Great lift mane. But I agree with EZ way too easy for ya though.


----------



## felix42 (Sep 21, 2013)

Iz_vivit said:


> Great lift mane. But I agree with EZ way too easy for ya though.



Thanks very much.


----------



## bigcruz (Sep 22, 2013)

Congrats on your achievement!


----------



## felix42 (Sep 22, 2013)

bigcruz said:


> Congrats on your achievement!



Thanks very much.


----------



## Merkaba (Sep 23, 2013)

You've probably got another 50 lbs easily when you get those glutes lower/more involved.


----------



## felix42 (Sep 24, 2013)

Merkaba said:


> You've probably got another 50 lbs easily when you get those glutes lower/more involved.
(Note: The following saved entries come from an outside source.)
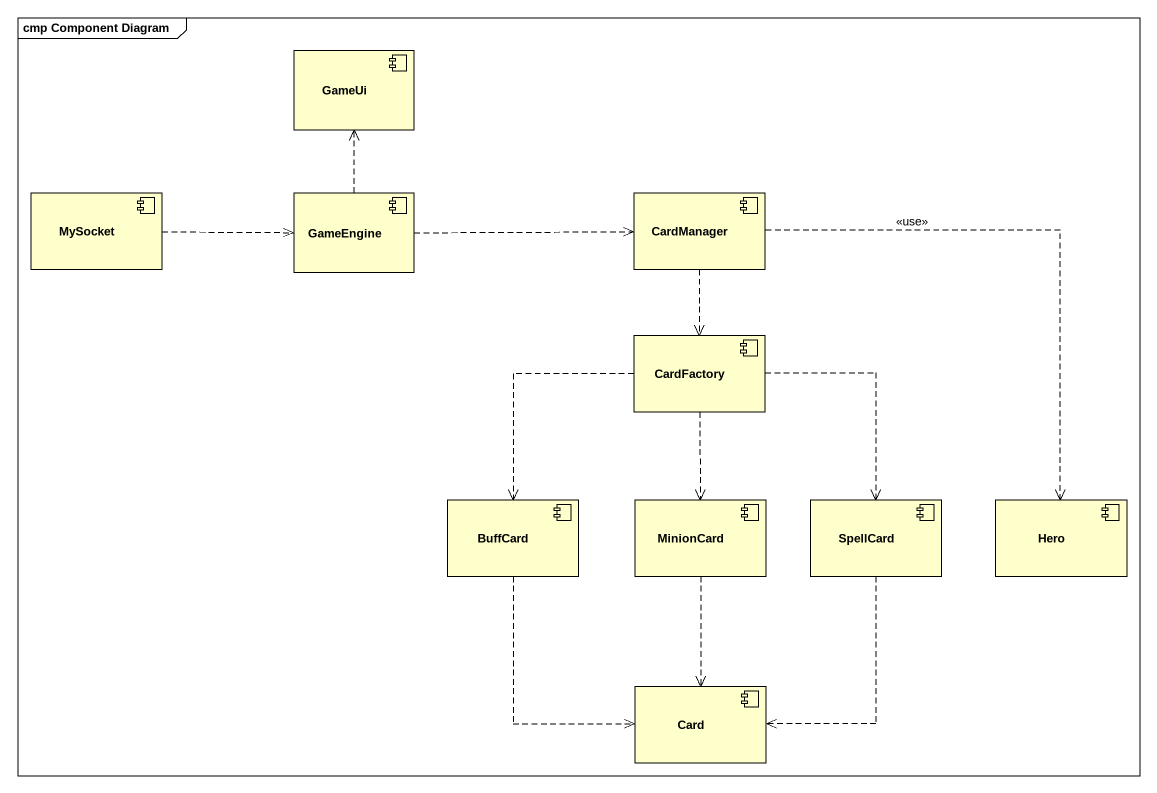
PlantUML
@startuml
mainframe cmp Component Diagram
component GameUi
component MySocket
component GameEngine
component CardManager
component CardFactory
component BuffCard
component MinionCard
component SpellCard
component Hero
component "Card" as Card_
MySocket .right.> GameEngine
GameEngine .up.> GameUi
GameEngine .right.> CardManager
CardManager ..> CardFactory
CardFactory ..> BuffCard
CardFactory ..> MinionCard
CardFactory ..> SpellCard
BuffCard ..> Card_
MinionCard ..> Card_
SpellCard ..> Card_
Hero <.up. CardManager : <<use>>
@enduml
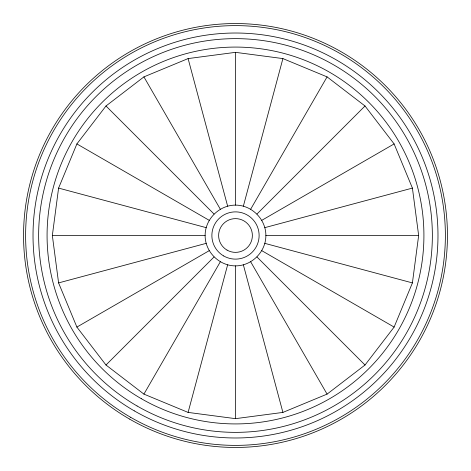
<?xml version="1.0" encoding="UTF-8"?>
<svg xmlns="http://www.w3.org/2000/svg" width="471" height="471" viewBox="0 0 471 471"><rect width="100%" height="100%" fill="white"/><g stroke="black" fill="none" stroke-linecap="round" stroke-linejoin="round"><path stroke-width="0.71" d="M52.346 235.5L58.587 188.094L76.885 143.92L105.987 105.987L143.92 76.885L188.094 58.587L235.5 52.346L282.906 58.587L327.08 76.885L365.013 105.987L394.115 143.92L412.413 188.094L418.654 235.5L412.413 282.906L394.115 327.08L365.013 365.013L327.08 394.115L282.906 412.413L235.5 418.654L188.094 412.413L143.92 394.115L105.987 365.013L76.885 327.08L58.587 282.906L52.346 235.5L205.126 235.5C205.026 251.755 219.245 265.974 235.5 265.874C251.755 265.974 265.974 251.755 265.874 235.5C265.974 219.245 251.755 205.026 235.5 205.126C219.245 205.026 205.026 219.245 205.126 235.5M188.094 412.413L227.64 264.837M243.36 206.163L282.906 58.587M143.92 394.115L220.316 261.805M250.684 209.195L327.08 76.885M105.987 365.013L214.022 256.978M256.978 214.022L365.013 105.987M76.885 327.08L209.195 250.684M261.805 220.316L394.115 143.92M58.587 282.906L206.163 243.36M264.837 227.64L412.413 188.094M265.874 235.5L418.654 235.5M58.587 188.094L206.163 227.64M264.837 243.36L412.413 282.906M76.885 143.92L209.195 220.316M261.805 250.684L394.115 327.08M105.987 105.987L214.022 214.022M256.978 256.978L365.013 365.013M143.92 76.885L220.316 209.195M250.684 261.805L327.08 394.115M188.094 58.587L227.64 206.163M243.36 264.837L282.906 412.413M235.5 52.346L235.5 205.126M235.5 265.874L235.5 418.654M129.525 419.055A211.95 211.95 0 0 0 447.45 235.5A211.95 211.95 0 0 0 129.525 51.945A211.95 211.95 0 0 0 129.525 419.055M141.288 398.678A188.418 188.418 0 0 0 423.918 235.5A188.418 188.418 0 0 0 141.288 72.322A188.418 188.418 0 0 0 141.288 398.678M227.063 250.113A16.874 16.874 0 0 0 252.374 235.5A16.874 16.874 0 0 0 227.063 220.887A16.874 16.874 0 0 0 227.063 250.113M223.69 255.959A23.621 23.621 0 0 0 259.121 235.5A23.621 23.621 0 0 0 223.69 215.041A23.621 23.621 0 0 0 223.69 255.959M137.073 405.984A196.854 196.854 0 0 0 432.354 235.5A196.854 196.854 0 0 0 137.073 65.016A196.854 196.854 0 0 0 137.073 405.984M134.259 410.853A202.483 202.483 0 0 0 437.983 235.5A202.483 202.483 0 0 0 134.259 60.147A202.483 202.483 0 0 0 134.259 410.853M130.561 417.259A209.872 209.872 0 0 0 445.372 235.5A209.872 209.872 0 0 0 130.561 53.741A209.872 209.872 0 0 0 130.561 417.259"/></g></svg>

Thanks very much I hope you are right about another 50 lbs I will work on my form.


----------



## Warriorblaze (Oct 28, 2013)

Good pull!


----------



## felix42 (Nov 9, 2013)

Warriorblaze said:


> Good pull!



Thanks very much.


----------



## docdoom77 (Nov 10, 2013)

Awesome.  Also, when compared with your new vid, it shows just how much you have leaned out for your upcoming show.  Great job!


----------



## felix42 (Nov 11, 2013)

docdoom77 said:


> Awesome. Also, when compared with your new vid, it shows just how much you have leaned out for your upcoming show. Great job!



Thanks very much.


----------